To address these challenges, we introduce the Bayesian Optimal Condensation Framework (BACON). This is the first Bayesian approach to DD, providing a clear theoretical foundation and a numerically feasible solution. BACON formulates DD as a minimization problem within Bayesian joint distributions, significantly improving performance, especially on large datasets like CIFAR-10 and TinyImageNet.
Key Benefits of BACON:As illustrated in Figure 2, BACON uses a joint probability model, based on Bayesian theory, to optimize dataset distillation tasks. The framework calculates the optimal synthetic dataset by deriving a condensation risk function and applies approximation techniques for efficient solution computation.
The optimal embedding feature of synthetic image $z_{\tilde{x}}^*$ can be computed as follows
\[ z_{\tilde{x}}^* = argmax_{z_{\tilde{x}} \in \mathcal{D}_S} \int_{\mathcal{B}(z_{\tilde{x}}, \epsilon)} \left[\log p(z_{\tilde{x}} | z_x) + \log p(z_x)\right] dz_x. \]
Proof: By leveraging Bayes' rule and Jensen's inequality, we derive the function as follows:
\[ z_{\tilde{x}}^* = argmax_{z_{\tilde{x}} \in \mathcal{D}_S} \int_{\mathcal{B}(z_{\tilde{x}}, \epsilon)} p(z_x | z_{\tilde{x}}) dz_x \]
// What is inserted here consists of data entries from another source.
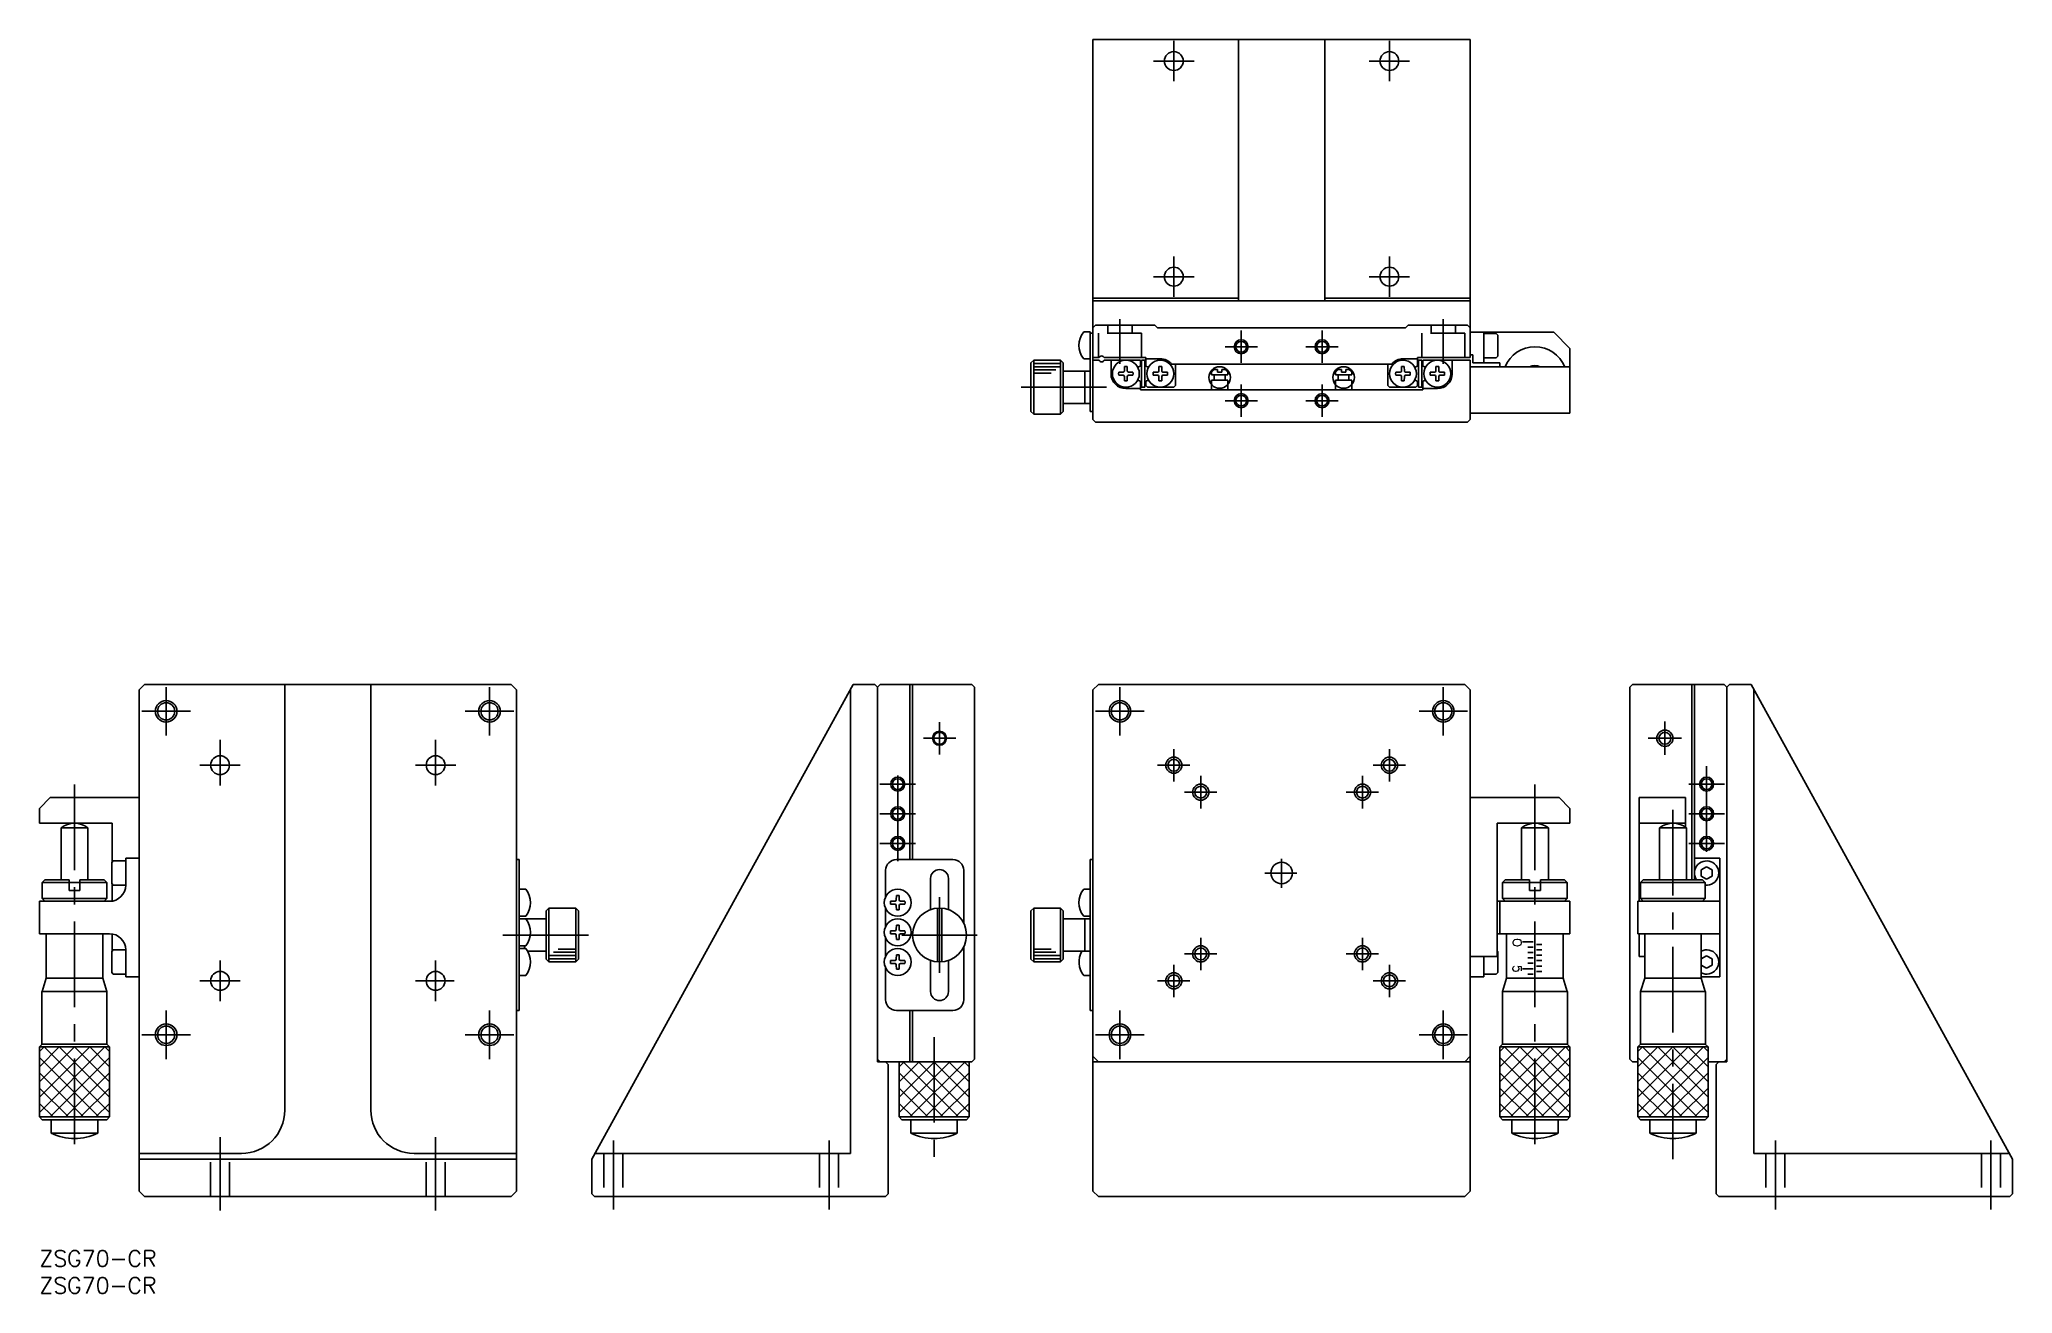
# Model space of a CAD drawing. Extents: x 0 to 366, y -8 to 225.
import ezdxf

# ---------------------------------------------------------------- set-up
doc = ezdxf.new("R2010")
doc.units = 0
doc.header["$LTSCALE"] = 0.5
doc.linetypes.add('CENTER', pattern=[50.8, 31.75, -6.35, 6.35, -6.35])
doc.linetypes.add('DASHED', pattern=[19.05, 12.7, -6.35])
for name, color, linetype in [('MSM_CENTER', 1, 'CENTER'), ('MSM_CONTINUOUS', 7, 'CONTINUOUS'), ('MSM_DASHED', 4, 'DASHED'), ('MSM_NARROW', 5, 'CONTINUOUS'), ('MSM_PART_NUMBER', 7, 'CONTINUOUS')]:
    doc.layers.add(name, color=color, linetype=linetype)
doc.styles.get("Standard").update_dxf_attribs({"font": 'txt.shx', "height": 3, "bigfont": 'bigfont.shx'})

# ---------------------------------------------------------------- blocks, each defined once
blk = doc.blocks.new('*U3')
at = {"layer": 'MSM_PART_NUMBER'}
blk.add_text('ZSG70-CR', height=3, dxfattribs=at).set_placement((0, -3))
blk = doc.blocks.new('*U4')
at = {"layer": 'MSM_PART_NUMBER'}
blk.add_text('ZSG70-CR', height=3, dxfattribs=at).set_placement((0, -8))

msp = doc.modelspace()

# ---------------------------------------------------------------- linework, layer by layer
at = {"layer": 'MSM_CENTER'}
for p, q in [((210.456051, 216.868451), (210.456051, 224.368451)), ((250.456051, 216.868451), (250.456051, 224.368451)), ((214.206051, 220.618451), (206.706051, 220.618451)), ((254.206051, 220.618451), (246.706051, 220.618451)), ((210.456051, 176.868451), (210.456051, 184.368451)), ((250.456051, 176.868451), (250.456051, 184.368451)), ((214.206051, 180.618451), (206.706051, 180.618451)), ((254.206051, 180.618451), (246.706051, 180.618451)), ((200.456051, 164.472428), (200.456051, 172.757796)), ((260.456051, 164.472428), (260.456051, 172.757796)), ((222.956053, 170.618457), (222.956053, 164.618455)), ((237.956054, 170.618457), (237.956054, 164.618455)), ((225.956054, 167.618456), (219.956051, 167.618456)), ((240.956055, 167.618456), (234.956052, 167.618456)), ((197.980232, 160.118457), (180.088052, 160.118457)), ((225.956054, 157.618455), (219.956053, 157.618455)), ((222.956053, 154.618454), (222.956053, 160.618456)), ((240.956054, 157.618455), (234.956053, 157.618455)), ((237.956053, 154.618454), (237.956053, 160.618456)), ((23.500001, 104.500003), (23.500001, 95.500003)), ((83.500001, 104.500003), (83.500001, 95.500003)), ((200.45605, 104.500002), (200.45605, 95.500003)), ((260.45605, 104.500002), (260.45605, 95.500003)), ((19.000001, 99.999998), (28.000001, 99.999998)), ((88.000001, 99.999998), (79.000001, 99.999998)), ((195.95605, 100.000002), (204.95605, 100.000002)), ((255.95605, 100.000002), (264.95605, 100.000002)), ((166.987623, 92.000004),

\[ = argmax_{z_{\tilde{x}} \in \mathcal{D}_S} \int_{\mathcal{B}(z_{\tilde{x}}, \epsilon)} \frac{p(z_{\tilde{x}} | z_x) p(z_x)}{p(z_{\tilde{x}})} dz_x \]
\[ = argmax_{z_{\tilde{x}} \in \mathcal{D}_S} \int_{\mathcal{B}(z_{\tilde{x}}, \epsilon)} \underbrace{p(z_{\tilde{x}} | z_x) p(z_x)}_{\text{Bayesian formula}} dz_x \]
\[ = argmax_{z_{\tilde{x}} \in \mathcal{D}_S} \left[ \log \int_{\mathcal{B}(z_{\tilde{x}}, \epsilon)} p(z_{\tilde{x}} | z_x) p(z_x) dz_x \right] \]
\[ \geq argmax_{z_{\tilde{x}} \in \mathcal{D}_S} \int_{\mathcal{B}(z_{\tilde{x}}, \epsilon)} \log \left[ p(z_{\tilde{x}} | z_x) p(z_x) \right] dz_x \quad \text{(by Jensen's inequality)} \]
\[ = argmax_{z_{\tilde{x}} \in \mathcal{D}_S} \int_{\mathcal{B}(z_{\tilde{x}}, \epsilon)} \left[\log p(z_{\tilde{x}} | z_x) + \log p(z_x)\right] dz_x \]
To estimate the log-likelihood \( \log p(z_{\tilde{x}} | z_{x_i}) \), we make the assumption that \( p(z_{\tilde{x}} | z_{x_i}) \) conforms to a Gaussian distribution. In this distribution, \( \sigma_x^2 \) represents the variance and \( z_{x_i} \) represents the mean. It is denoted as:
\[ p(z_{\tilde{x}} | z_{x_i}) \sim \mathcal{N}(z_{x_i}, \sigma_{xi}^2 I) \]
The Total Variation (TV) and CLIP operation are incorporated as distribution priors to represent \( \log p(z_{x_i}) \). The CLIP operation constrains the probability within the bound of \( [0,1] \). In contrast to their study, we extend the TV from a pixel-wise approach to a distribution-wise approach, which is also referred to as the total variation of probability distribution measures.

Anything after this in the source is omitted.